Take it further up the chain, and you see how these shitcoins feed into the big leagues through OTC style backroom deals that echo Wall Street’s shadiest acquisitions. In traditional VC, once a startup hits a certain traction, big caps swoop in with over-the-counter trades private swaps of shares at a premium, away from public exchanges to avoid tanking the price. Facebook quietly bought Instagram in 2012 for $1 billion, not through a noisy auction but a hushed negotiation where Mark Zuckerberg wired the cash and integrated the team overnight, absorbing the user base without a single tweet. On Solana’s ecosystem: a promising shitcoin that survives the pump.fun gauntlet and migrates to Raydium suddenly catches the eye of a blue chip project like Jito or Jupiter, sitting at multi-billion market caps. These big players don’t announce it on Discord, they hit up the token’s deployer or lead trenchers via Telegram DMs for an OTC buyout. It’s a straight cash-for-tokens swap, often 20-50% below market, where the big cap quietly accumulates 30-50% of the supply off chain, then announces a “strategic partnership” that sends the price parabolic. I’ve watched this play out with tokens like a niche DeFi meme that got folded into a lending protocol last summer started as a $50k rug risk on pump.fun, hit $2M cap on organic hype from a Reddit thread, then vanished into an OTC deal with a $500M aggregator. The acquirer dumps liquidity into their own pools, rebrands the meme as a governance token, and the original holders who flipped early walk away with 10x bags while the big cap’s community swells by thousands overnight.

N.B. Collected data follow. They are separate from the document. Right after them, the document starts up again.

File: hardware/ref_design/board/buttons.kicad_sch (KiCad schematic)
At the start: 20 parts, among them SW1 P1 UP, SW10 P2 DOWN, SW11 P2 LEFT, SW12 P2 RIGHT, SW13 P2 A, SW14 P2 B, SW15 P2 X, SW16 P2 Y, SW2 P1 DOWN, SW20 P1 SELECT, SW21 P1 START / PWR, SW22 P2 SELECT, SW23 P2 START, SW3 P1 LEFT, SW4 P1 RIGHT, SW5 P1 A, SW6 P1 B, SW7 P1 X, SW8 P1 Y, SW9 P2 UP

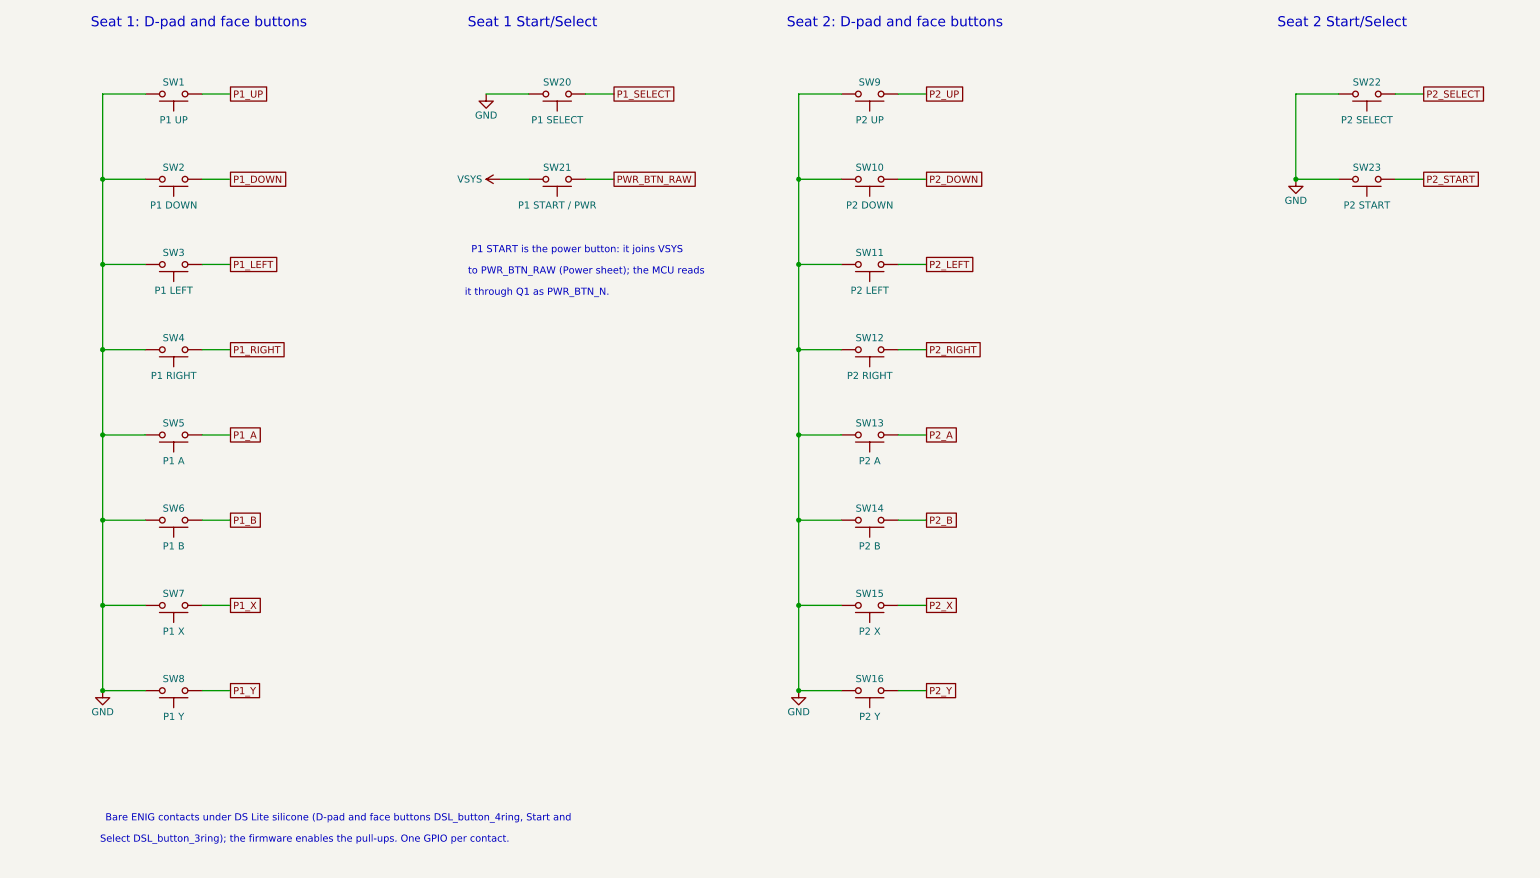
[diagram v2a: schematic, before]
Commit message: WIP: row 19 with shift registers and rows 1, 4, 16; 2 nets unrouted
The cell in a 54.0 x 37.0 mm hole, no speaker, every machine-placed part on
the top. New since the last WIP: each seat's D-pad and A/B/X/Y through a
74HC165 (SN74HC165PWR, chained, SR_PL/SR_CLK/SR_DATA on GPIO28-30, 10k
arrays); seat 2's Start powers on too (D8, R62, Q7, R63; P2_START on
GPIO34); Start/Select on 4 mm metal dome footprints; the BQ24073 power-path
charger in place of the TP4056 and its load sharing (pin reviews written);
the LDO beside the core; side screws at case (+-31.4, +-36); J1 at case
y -11. GPIO8 and GPIO11 (audio) unconnected.

Checks: check_netlist, check_pins and ERC pass (0). DRC: 0 errors, 8
cosmetic silkscreen warnings, 2 unconnected: QSPI_SS (U4 pin 75 to its
3.5 mm stub) and P1_SELECT (U4 pin 44 to SW20). check_fit: 17, all from
the case not knowing the moved screws, J1 and the dome vents yet.

Co-Authored-By: Claude Opus 5.5 <noreply@anthropic.com>
Claude-Session: https://claude.ai/code/session_01Y3mFMxLYqNeyyedvbYuRwX
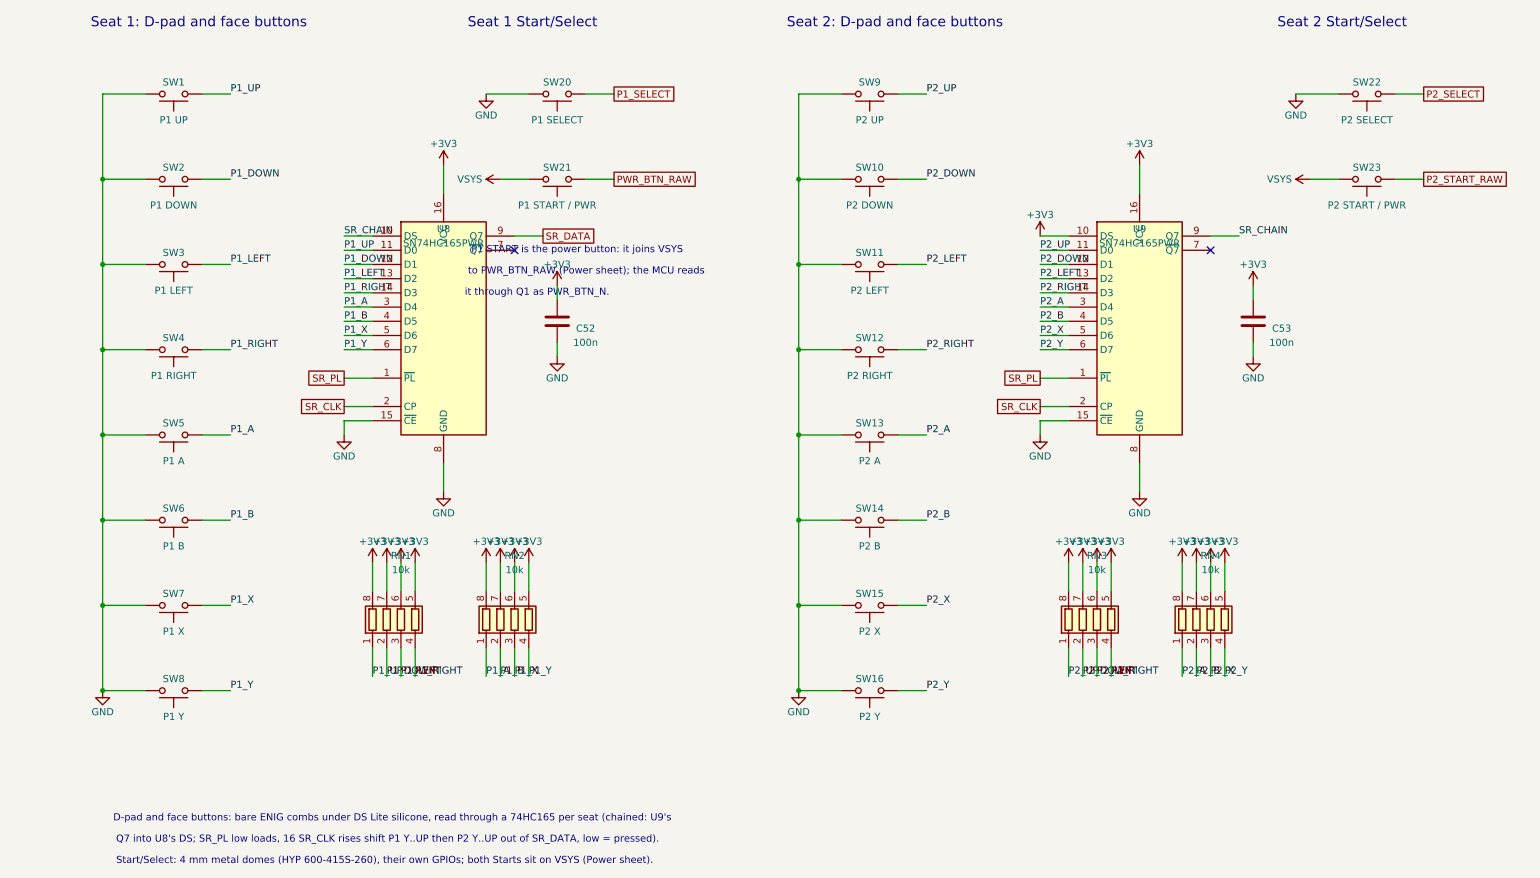
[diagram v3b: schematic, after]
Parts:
- added C52, C53: 100n, Capacitor_SMD:C_0402_1005Metric, symbol Device:C
- added RN1, RN2, RN3, RN4: 10k, Resistor_SMD:R_Array_Convex_4x0402, symbol Device:R_Pack04
- added U8, U9: SN74HC165PWR, Package_SO:TSSOP-16_4.4x5mm_P0.65mm, symbol 74xx:74HC165
- SW20, SW21, SW22: footprint battler:DSL_button_3ring -> battler:Dome_4mm_Round
- SW23: value P2 START -> P2 START / PWR; footprint battler:DSL_button_3ring -> battler:Dome_4mm_Round
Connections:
- net GND: now also C52.2, C53.2, U8.15 (~{CE}), U8.8 (GND), U9.15 (~{CE}), U9.8 (GND); no longer SW23.2
- net P1_A: now also RN2.1 (R1.1), U8.3 (D4)
- net P1_B: now also RN2.2 (R2.1), U8.4 (D5)
- net P1_DOWN: now also RN1.2 (R2.1), U8.12 (D1)
- net P1_LEFT: now also RN1.3 (R3.1), U8.13 (D2)
- net P1_RIGHT: now also RN1.4 (R4.1), U8.14 (D3)
- net P1_UP: now also RN1.1 (R1.1), U8.11 (D0)
- net P1_X: now also RN2.3 (R3.1), U8.5 (D6)
- net P1_Y: now also RN2.4 (R4.1), U8.6 (D7)
- net P2_A: now also RN4.1 (R1.1), U9.3 (D4)
- net P2_B: now also RN4.2 (R2.1), U9.4 (D5)
- net P2_DOWN: now also RN3.2 (R2.1), U9.12 (D1)
- net P2_LEFT: now also RN3.3 (R3.1), U9.13 (D2)
- net P2_RIGHT: now also RN3.4 (R4.1), U9.14 (D3)
- net P2_UP: now also RN3.1 (R1.1), U9.11 (D0)
- net P2_X: now also RN4.3 (R3.1), U9.5 (D6)
- net P2_Y: now also RN4.4 (R4.1), U9.6 (D7)
- net VSYS: now also SW23.2
- net P2_START renamed P2_START_RAW
- new net +3V3: C52.1, C53.1, RN1.5 (R4.2), RN1.6 (R3.2), RN1.7 (R2.2), RN1.8 (R1.2), RN2.5 (R4.2), RN2.6 (R3.2), RN2.7 (R2.2), RN2.8 (R1.2), RN3.5 (R4.2), RN3.6 (R3.2), RN3.7 (R2.2), RN3.8 (R1.2), RN4.5 (R4.2), RN4.6 (R3.2), RN4.7 (R2.2), RN4.8 (R1.2), U8.16 (VCC), U9.10 (DS), U9.16 (VCC)
- new net SR_CHAIN: U8.10 (DS), U9.9 (Q7)
- new net SR_CLK: U8.2 (CP), U9.2 (CP)
- new net SR_DATA: U8.9 (Q7)
- new net SR_PL: U8.1 (~{PL}), U9.1 (~{PL})
- no-connect marks 0 -> 2
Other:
- note added: "D-pad and face buttons: bare ENIG combs under DS Lite silicone, read through a 74HC165 per seat (chained: U9's"
- note added: "Q7 into U8's DS; SR_PL low loads, 16 SR_CLK rises shift P1 Y..UP then P2 Y..UP out of SR_DATA, low = pressed)."
- note added: "Start/Select: 4 mm metal domes (HYP 600-415S-260), their own GPIOs; both Starts sit on VSYS (Power sheet)."
- note removed: "Bare ENIG contacts under DS Lite silicone (D-pad and face buttons DSL_button_4ring, Start and"
- note removed: "Select DSL_button_3ring); the firmware enables the pull-ups. One GPIO per contact."

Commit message: ref_design: strips review: USB pair, SR_CLK series resistor, strip stitching, pinmap
Review of the strips beside the cell's hole (rows 1-4 of the review):
- USB D+/D-: route.py's usb_pair() draws them as one pair (0.2 mm, 0.3 apart) from
  J1 (D+ pads joined behind A7, D- at their tips) through U1, turned so each line
  runs over its own pin with no stub, then on the back to R21/R22. C1/R41 moved
  below the pair.
- SR_CLK: R65 (33 ohm, C25105, Basic) in series at the RP2354B's end, about 12 mm
  of track from pin 37, clear of the folded FPC. A 0.4 mm clock-to-SR_PL/SR_DATA
  clearance rule (and a GND guard track along each strip) left SR_CLK or SR_PL to
  U9 unrouted in five runs, so neither is in this board.
- Ground: strip_stitch() adds GND vias in the strips wherever both pours are filled.
- Flex: C47 turned with its long axis along the strip; the case asked for floor
  ribs under the strips (CELLCUT_FOR_CASE.md).
- docs/pinmap.md: both Starts as power buttons, SR_PL/SR_CLK/SR_DATA roles, the
  BQ24073 charger (no TP4056, CHG_DONE_N, D5/D7/Q2), 27 ohm USB resistors.

Routed clean (seed 7): DRC 0 errors, 0 unconnected; check_netlist, check_pins,
ERC pass; check_fit 17, the known case-side items.

Co-Authored-By: Claude Opus 5.5 <noreply@anthropic.com>
Claude-Session: https://claude.ai/code/session_01Y3mFMxLYqNeyyedvbYuRwX
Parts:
- added R65: 33, Resistor_SMD:R_0402_1005Metric, symbol Device:R
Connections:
- net SR_CLK: now also R65.2
- new net SR_CLK_MCU: R65.1
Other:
- note added: "SR_CLK source termination"
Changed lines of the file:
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@@
 	(wire
 		(pts
+			(xy 120.65 111.76) (xy 125.73 111.76)
+		)
+		(stroke
+			(width 0)
+			(type default)
+		)
+	)
+	(wire
+		(pts
+			(xy 133.35 111.76) (xy 138.43 111.76)
+		)
+		(stroke
+			(width 0)
+			(type default)
+		)
+	)
+	(wire
+		(pts
 			(xy 147.32 35.56) (xy 147.32 50.8)
 		)
@@
 		)
 	)
+	(text "SR_CLK source termination"
+		(exclude_from_sim no)
+		(at 135.1406 101.6 0)
+		(effects
+			(font
+				(size 1.8 1.8)
+			)
+		)
+	)
 	(text "D-pad and face buttons: bare ENIG combs under DS Lite silicone, read through a 74HC165 per seat (chained: U9's"
 		(exclude_from_sim no)
@@
 		)
 	)
-	(global_label "SR_CLK"
-		(shape passive)
-		(at 66.04 91.44 180)
-		(fields_autoplaced yes)
+	(label "SR_CLK"
+		(at 66.04 91.44 0)
 		(effects
 			(font
 				(size 1.27 1.27)
 			)
-			(justify right)
-		)
-		(property "Intersheetrefs" "${INTERSHEET_REFS}"
-			(at 66.04 91.44 0)
-			(hide yes)
-			(show_name no)
-			(do_not_autoplace no)
-			(effects
-				(font
-					(size 1.27 1.27)
-				)
-			)
+			(justify left bottom)
 		)
 	)
@@
 		)
 	)
-	(global_label "SR_CLK"
-		(shape passive)
-		(at 190.5 91.44 180)
-		(fields_autoplaced yes)
+	(label "SR_CLK"
+		(at 190.5 91.44 0)
 		(effects
 			(font
 				(size 1.27 1.27)
 			)
-			(justify right)
-		)
-		(property "Intersheetrefs" "${INTERSHEET_REFS}"
-			(at 190.5 91.44 0)
-			(hide yes)
-			(show_name no)
-			(do_not_autoplace no)
-			(effects
-				(font
-					(size 1.27 1.27)
-				)
-			)
+			(justify left bottom)
 		)
 	)
@@
 		)
 	)
+	(global_label "SR_CLK_MCU"
+		(shape passive)
+		(at 120.65 111.76 180)
+		(fields_autoplaced yes)
+		(effects
+			(font
+				(size 1.27 1.27)
+			)
+			(justify right)
+		)
+		(property "Intersheetrefs" "${INTERSHEET_REFS}"
+			(at 120.65 111.76 0)
+			(hide yes)
+			(show_name no)
+			(do_not_autoplace no)
+			(effects
+				(font
+					(size 1.27 1.27)
+				)
+			)
+		)
+	)
+	(label "SR_CLK"
+		(at 138.43 111.76 0)
+		(effects
+			(font
+				(size 1.27 1.27)
+			)
+			(justify left bottom)
+		)
+	)
 	(symbol
 		(lib_id "Switch:SW_Push")
@@
 					(unit 1)
 				)
+			)
+		)
+	)
+	(symbol
+		(lib_id "Device:R")
+		(at 129.54 111.76 90)
+		(unit 1)
+		(body_style 1)
+		(exclude_from_sim no)
+		(in_bom yes)
+		(on_board yes)
+		(in_pos_files yes)
+		(dnp no)
+		(property "Reference" "R65"
+			(at 129.54 109.144 90)
+			(show_name no)
+			(do_not_autoplace no)
+			(effects
+				(font
+					(size 1.27 1.27)
+				)
+			)
+		)
+		(property "Value" "33"
+			(at 129.54 114.376 90)
+			(show_name no)
+			(do_not_autoplace no)
+			(effects
+				(font
+					(size 1.27 1.27)
+				)
+			)
+		)
+		(property "Footprint" "Resistor_SMD:R_0402_1005Metric"
+			(at 129.54 111.76 0)
+			(hide yes)
+			(show_name no)
+			(do_not_autoplace no)
+			(effects
+				(font
+					(size 1.27 1.27)
+				)
+			)
+		)
+		(property "Datasheet" ""
+			(at 129.54 111.76 0)
+			(hide yes)
+			(show_name no)
+			(do_not_autoplace no)
+			(effects
+				(font
+					(size 1.27 1.27)
+				)
+			)
+		)
+		(property "Description" "Resistor"
+			(at 129.54 111.76 0)
+			(hide yes)
+			(show_name no)
+			(do_not_autoplace no)
+			(effects
+				(font
+					(size 1.27 1.27)
+				)
+			)
+		)
+		(property "LCSC" "C25105"
+			(at 129.54 111.76 0)
+			(hide yes)
+			(show_name no)
+			(do_not_autoplace no)
+			(effects
+				(font
+					(size 1.27 1.27)
+				)
+			)
+		)
+		(property "MPN" "0402WGF330JTCE"
+			(at 129.54 111.76 0)
+			(hide yes)
+			(show_name no)
+			(do_not_autoplace no)
+			(effects
+				(font
+					(size 1.27 1.27)
+				)
+			)
+		)
+		(property "Manufacturer" "UNI-ROYAL"
+			(at 129.54 111.76 0)
+			(hide yes)
+			(show_name no)
+			(do_not_autoplace no)
+			(effects
+				(font
+					(size 1.27 1.27)
+				)
+			)
+		)
+		(pin "1"
+		)
+		(pin "2"
+		)
+		(instances
+			(project "battler"
+				(path "/8922e0a8-6f76-52f6-b0ec-4de6a784796f/adaa66b2-a56d-591f-95e3-969ec1fb6ac3"
+					(reference "R65")
+					(unit 1)
+				)

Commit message: ref_design V&V round 3, schematic: R61 3.74k (DEC-31), R14 47k and R43 220k with no clamp (DEC-17), RN1-RN4 47k (DEC-24), U10 buffer on VBAT_SENSE, 10k B4460 NTC for TH1, J4 JST SH, pin reviews
Co-Authored-By: Claude Sonnet 5.5 <noreply@anthropic.com>
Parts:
- RN1, RN2, RN3, RN4: value 10k -> 47k; LCSC C25725 -> C2028; MPN 4D02WGJ0103TCE -> 4D02WGJ0473TCE

After months of observation, I’ve noticed three signals that consistently show up before a token takes off:
When a token successfully migrates from pump.fun to Raydium, it’s a proof that enough people cared to push it past the bonding curve threshold as long as its not bundled (price action and many wallets controlled by one entity) so it needs to be organic and enough time has to pass in order for that token/attention worthy event to spread in the social media.
The number of unique holders should keep climbing even after the initial hype wave. Sustained growth means the story is spreading beyond the first wave of speculators.
The event or reason of that token existence needs to be sustainable It needs to be relevant tomorrow again or even larger. If not, these trenchers don’t even spend their time.
So it’s all about reading the media and the people. When all three signals align? I don’t know maybe it’s how some people win but the one thing I am sure is it’s just whoever’s awake at the right minute and acting without any logical intensions. This is not financial advice. I’m just a guy who spends too much time watching numbers go up and down. Do your own research, manage your risk, and never bet more than you can afford to lose.